▸ MATERIAL SUPPLIED:
[Start of Attachment]

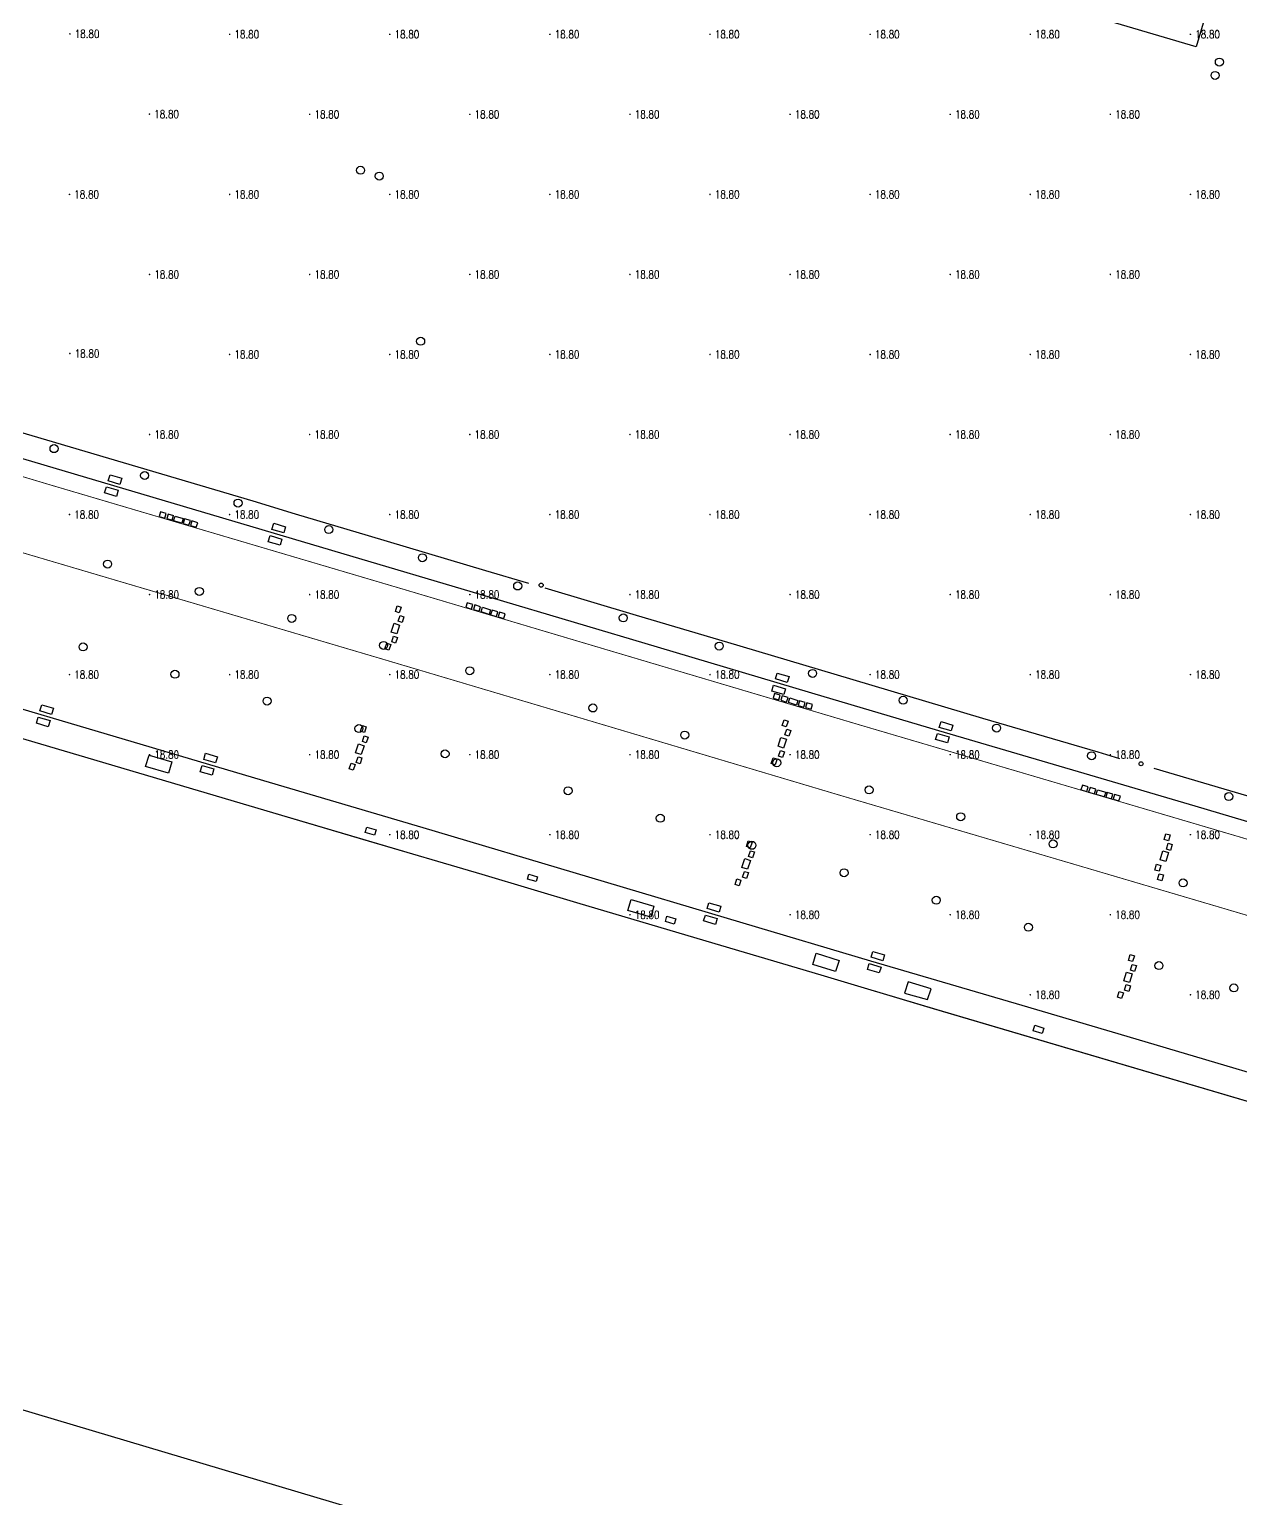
# Model space of a CAD drawing. Extents: x 404846 to 408477, y 3390929 to 3392894.
# Drawn here: x 406546.3 to 406697.6, y 3391371.4 to 3391555 of the extents above; entities that cross this region are included whole.
import ezdxf
from ezdxf.enums import TextEntityAlignment as Align

# ---------------------------------------------------------------- set-up
doc = ezdxf.new("R2010")
doc.units = 0
doc.header["$LTSCALE"] = 0.5
doc.layers.get('0').update_dxf_attribs({"linetype": 'CONTINUOUS'})
for name, color, linetype in [('3221', 6, 'CONTINUOUS'), ('DLSS', 4, 'CONTINUOUS'), ('FZTZ', 7, 'CONTINUOUS'), ('GCD', 1, 'CONTINUOUS'), ('GXYZ', 2, 'CONTINUOUS'), ('JMD', 6, 'CONTINUOUS'), ('SXSS', 5, 'CONTINUOUS'), ('ZBTZ', 3, 'CONTINUOUS'), ('作业范围', 7, 'CONTINUOUS')]:
    doc.layers.add(name, color=color, linetype=linetype)
doc.styles.add('HZ', font='rs.shx', dxfattribs={"width": 0.8, "bigfont": 'hztxt.shx'})
doc.linetypes.add('1161', pattern='A,0,[149,AAA.SHX,S=0.15,R=0,X=0,Y=0],-1.6', length=1.6)
doc.linetypes.add('444', pattern='A,4.5,[145,AAA.SHX,S=1,R=0,X=0,Y=1],4.5,-0.5,[146,AAA.SHX,S=1,R=0,X=0,Y=0],-0.5', length=10)

# ---------------------------------------------------------------- blocks, each defined once
blk = doc.blocks.new('GC200')
at = {"linetype": 'Continuous', "const_width": 0.2, "flags": 128}
blk.add_lwpolyline([(-0.1, 0, 1), (0.1, 0, 1)], format="xyb", close=True, dxfattribs=at)
blk = doc.blocks.new('gc170')
at = {"linetype": 'Continuous'}
blk.add_circle((0, 0), 0.5, dxfattribs=at)
blk = doc.blocks.new('gc188')
blk.add_circle((0, 0), 1)

msp = doc.modelspace()

# ---------------------------------------------------------------- linework, layer by layer
at = {"layer": '3221', "color": 6}
for points in [[(406529.588, 3391506.072, 19.423), (406584.097, 3391489.908, 19.62)], [(406584.097, 3391489.908, 19.62), (406604.014, 3391484.031, 19.42), (406624.767, 3391477.855, 19.48), (406644.033, 3391472.106, 19.63), (406659.888, 3391467.389, 19.706), (406678.765, 3391461.849, 19.383), (406691.895, 3391457.986, 19.233), (406720.329, 3391449.543, 19.128), (406754.254, 3391439.446, 19.43), (406797.715, 3391426.578, 18.895), (406821.449, 3391419.528, 18.98), (406847.811, 3391411.724, 18.845), (406872.264, 3391404.431, 19.439)], [(406521.056, 3391477.311, 19.423), (406575.573, 3391461.145, 19.62)], [(406575.573, 3391461.145, 19.62), (406595.49, 3391455.267, 19.42), (406616.199, 3391449.104, 19.48), (406635.467, 3391443.355, 19.63), (406651.386, 3391438.619, 19.706), (406670.307, 3391433.066, 19.383), (406683.427, 3391429.206, 19.233)], [(406683.427, 3391429.206, 19.233), (406711.781, 3391420.787, 19.128), (406745.737, 3391410.68, 19.43)]]:
    msp.add_polyline3d(points, dxfattribs=at)
at = {"layer": 'DLSS', "linetype": 'Continuous', "const_width": 0.1, "flags": 128}
for points, elevation in [([(406529.414, 3391503.944), (406549.234, 3391498.001), (406570.849, 3391491.61), (406593.359, 3391484.953), (406613.149, 3391479.063), (406620.088, 3391477), (406650.264, 3391468.031), (406680.419, 3391459.141), (406697.459, 3391454.11), (406724.658, 3391446.036), (406750.065, 3391438.46), (406750.039, 3391438.476), (406777.724, 3391430.317), (406803.712, 3391422.592)], 19.382), ([(406526.814, 3391495.141), (406546.643, 3391489.27), (406568.267, 3391482.877), (406590.768, 3391476.222), (406610.552, 3391470.334), (406617.491, 3391468.27)], 19.463), ([(406617.491, 3391468.27), (406647.67, 3391459.277), (406677.835, 3391450.384), (406694.875, 3391445.354)], 19.348), ([(406694.875, 3391445.354), (406722.057, 3391437.291), (406747.458, 3391429.716)], 19.222)]:
    msp.add_lwpolyline(points, dxfattribs=dict(at, elevation=elevation))
at = {"layer": 'DLSS', "linetype": 'Continuous', "elevation": 19.657, "flags": 128}
msp.add_lwpolyline([(406520.163, 3391473.882), (406532.608, 3391470.206), (406552.531, 3391464.301), (406588.673, 3391453.626), (406602.837, 3391449.445), (406615.08, 3391445.785), (406632.663, 3391440.567), (406645.215, 3391436.862), (406659.233, 3391432.68), (406699.135, 3391420.896), (406724.858, 3391413.262), (406744.243, 3391407.536), (406801.138, 3391390.683), (406822.529, 3391384.265), (406848.898, 3391376.538), (406863.137, 3391372.168)], dxfattribs=at)
at = {"layer": 'FZTZ', "linetype": 'Continuous', "flags": 128}
for points, elevation in [([(406556.421, 3391499.356), (406557.893, 3391498.916), (406557.661, 3391498.14), (406556.189, 3391498.58), (406556.421, 3391499.356)], 19.597), ([(406555.979, 3391497.848), (406557.45, 3391497.408), (406557.219, 3391496.633), (406555.747, 3391497.072), (406555.979, 3391497.848)], 19.597), ([(406563.441, 3391494.511), (406562.722, 3391494.727), (406562.549, 3391494.15), (406563.268, 3391493.934), (406563.441, 3391494.511)], 19.36), ([(406564.537, 3391494.194), (406565.545, 3391493.891), (406565.368, 3391493.302), (406564.36, 3391493.605), (406564.537, 3391494.194)], 19.358), ([(406566.457, 3391493.62), (406565.738, 3391493.836), (406565.564, 3391493.259), (406566.283, 3391493.042), (406566.457, 3391493.62)], 19.36), ([(406567.368, 3391493.358), (406566.65, 3391493.575), (406566.476, 3391492.998), (406567.195, 3391492.781), (406567.368, 3391493.358)], 19.36), ([(406576.876, 3391493.295), (406578.347, 3391492.856), (406578.115, 3391492.08), (406576.644, 3391492.519), (406576.876, 3391493.295)], 19.576), ([(406576.414, 3391491.748), (406577.886, 3391491.308), (406577.654, 3391490.533), (406576.183, 3391490.972), (406576.414, 3391491.748)], 19.576), ([(406592.778, 3391482.806), (406592.542, 3391482.092), (406592.054, 3391482.253), (406592.29, 3391482.967), (406592.778, 3391482.806)], 19.601), ([(406593.133, 3391481.595), (406592.897, 3391480.881), (406592.409, 3391481.042), (406592.645, 3391481.756), (406593.133, 3391481.595)], 19.601), ([(406601.746, 3391483.148), (406601.027, 3391483.365), (406600.853, 3391482.788), (406601.572, 3391482.571), (406601.746, 3391483.148)], 19.464), ([(406602.709, 3391482.864), (406601.99, 3391483.08), (406601.816, 3391482.503), (406602.535, 3391482.287), (406602.709, 3391482.864)], 19.464), ([(406602.934, 3391482.796), (406603.942, 3391482.493), (406603.764, 3391481.904), (406602.756, 3391482.207), (406602.934, 3391482.796)], 19.478), ([(406604.851, 3391482.226), (406604.132, 3391482.443), (406603.958, 3391481.866), (406604.677, 3391481.649), (406604.851, 3391482.226)], 19.464), ([(406605.778, 3391481.968), (406605.059, 3391482.184), (406604.885, 3391481.607), (406605.604, 3391481.391), (406605.778, 3391481.968)], 19.464), ([(406592.586, 3391480.577), (406592.223, 3391479.473), (406591.529, 3391479.701), (406591.891, 3391480.805), (406592.586, 3391480.577)], 19.595), ([(406591.477, 3391478.162), (406591.241, 3391477.448), (406590.753, 3391477.609), (406590.989, 3391478.323), (406591.477, 3391478.162)], 19.601), ([(406592.32, 3391479.033), (406592.084, 3391478.319), (406591.596, 3391478.481), (406591.832, 3391479.195), (406592.32, 3391479.033)], 19.601), ([(406639.747, 3391474.573), (406641.225, 3391474.14), (406641.01, 3391473.407), (406639.532, 3391473.839), (406639.747, 3391474.573)], 19.792), ([(406639.295, 3391473.048), (406640.774, 3391472.616), (406640.559, 3391471.882), (406639.081, 3391472.315), (406639.295, 3391473.048)], 19.76), ([(406547.889, 3391470.622), (406549.36, 3391470.182), (406549.128, 3391469.407), (406547.657, 3391469.846), (406547.889, 3391470.622)], 19.951), ([(406640.139, 3391471.816), (406639.421, 3391472.032), (406639.247, 3391471.455), (406639.966, 3391471.239), (406640.139, 3391471.816)], 18.859), ([(406641.102, 3391471.531), (406640.384, 3391471.748), (406640.21, 3391471.171), (406640.929, 3391470.954), (406641.102, 3391471.531)], 18.859), ([(406641.327, 3391471.464), (406642.335, 3391471.16), (406642.158, 3391470.571), (406641.15, 3391470.875), (406641.327, 3391471.464)], 18.873), ([(406643.244, 3391470.894), (406642.526, 3391471.11), (406642.352, 3391470.533), (406643.071, 3391470.317), (406643.244, 3391470.894)], 18.859), ([(406644.171, 3391470.635), (406643.453, 3391470.851), (406643.279, 3391470.274), (406643.998, 3391470.058), (406644.171, 3391470.635)], 18.859), ([(406547.463, 3391469.073), (406548.935, 3391468.633), (406548.703, 3391467.857), (406547.232, 3391468.297), (406547.463, 3391469.073)], 19.951), ([(406588.422, 3391467.872), (406588.186, 3391467.158), (406587.698, 3391467.319), (406587.934, 3391468.033), (406588.422, 3391467.872)], 19.576), ([(406641.101, 3391468.559), (406640.865, 3391467.845), (406640.377, 3391468.006), (406640.613, 3391468.72), (406641.101, 3391468.559)], 19.036), ([(406641.438, 3391467.417), (406641.202, 3391466.703), (406640.714, 3391466.865), (406640.95, 3391467.579), (406641.438, 3391467.417)], 19.036), ([(406659.751, 3391467.021), (406661.23, 3391466.589), (406661.015, 3391465.855), (406659.537, 3391466.288), (406659.751, 3391467.021)], 19.593), ([(406660.21, 3391468.512), (406661.688, 3391468.079), (406661.474, 3391467.346), (406659.996, 3391467.778), (406660.21, 3391468.512)], 19.616), ([(406588.146, 3391465.487), (406587.783, 3391464.383), (406587.088, 3391464.611), (406587.451, 3391465.715), (406588.146, 3391465.487)], 19.675), ([(406588.667, 3391466.582), (406588.431, 3391465.868), (406587.943, 3391466.03), (406588.179, 3391466.744), (406588.667, 3391466.582)], 19.576), ([(406640.913, 3391466.303), (406640.55, 3391465.199), (406639.855, 3391465.427), (406640.218, 3391466.532), (406640.913, 3391466.303)], 18.99), ([(406561.292, 3391464.323), (406564.151, 3391463.471), (406563.729, 3391462.055), (406560.87, 3391462.907), (406561.292, 3391464.323)], 19.288), ([(406568.363, 3391464.557), (406569.835, 3391464.118), (406569.603, 3391463.342), (406568.132, 3391463.782), (406568.363, 3391464.557)], 19.821), ([(406587.022, 3391463.157), (406586.786, 3391462.443), (406586.298, 3391462.604), (406586.535, 3391463.318), (406587.022, 3391463.157)], 19.601), ([(406587.887, 3391463.963), (406587.651, 3391463.249), (406587.163, 3391463.41), (406587.399, 3391464.124), (406587.887, 3391463.963)], 19.601), ([(406639.727, 3391463.839), (406639.491, 3391463.125), (406639.003, 3391463.286), (406639.239, 3391464), (406639.727, 3391463.839)], 19.036), ([(406640.639, 3391464.749), (406640.403, 3391464.035), (406639.915, 3391464.196), (406640.151, 3391464.91), (406640.639, 3391464.749)], 19.036), ([(406567.916, 3391463.027), (406569.388, 3391462.588), (406569.156, 3391461.812), (406567.685, 3391462.252), (406567.916, 3391463.027)], 19.8), ([(406678.578, 3391460.351), (406677.859, 3391460.568), (406677.686, 3391459.991), (406678.404, 3391459.774), (406678.578, 3391460.351)], 19.3), ([(406679.541, 3391460.067), (406678.822, 3391460.283), (406678.649, 3391459.706), (406679.367, 3391459.49), (406679.541, 3391460.067)], 19.3), ([(406679.766, 3391459.999), (406680.774, 3391459.696), (406680.597, 3391459.107), (406679.589, 3391459.41), (406679.766, 3391459.999)], 19.314), ([(406681.683, 3391459.429), (406680.964, 3391459.646), (406680.791, 3391459.069), (406681.509, 3391458.852), (406681.683, 3391459.429)], 19.3), ([(406682.61, 3391459.171), (406681.891, 3391459.387), (406681.718, 3391458.81), (406682.436, 3391458.594), (406682.61, 3391459.171)], 19.3), ([(406588.507, 3391455.328), (406589.666, 3391454.98), (406589.464, 3391454.307), (406588.305, 3391454.655), (406588.507, 3391455.328)], 19.512), ([(406688.819, 3391454.344), (406688.604, 3391453.61), (406688.077, 3391453.765), (406688.292, 3391454.498), (406688.819, 3391454.344)], 19.5), ([(406636.625, 3391453.463), (406636.389, 3391452.749), (406635.901, 3391452.91), (406636.138, 3391453.624), (406636.625, 3391453.463)], 19.021), ([(406636.896, 3391452.221), (406636.66, 3391451.507), (406636.172, 3391451.668), (406636.409, 3391452.382), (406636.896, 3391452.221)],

[End of Attachment]

▸ WORK INSTRUCTION:
Return every line above that contains the word "blocks".

▸ EXERCISE RESULT:
# ---------------------------------------------------------------- blocks, each defined once
blk = doc.blocks.new('GC200')
blk = doc.blocks.new('gc170')
blk = doc.blocks.new('gc188')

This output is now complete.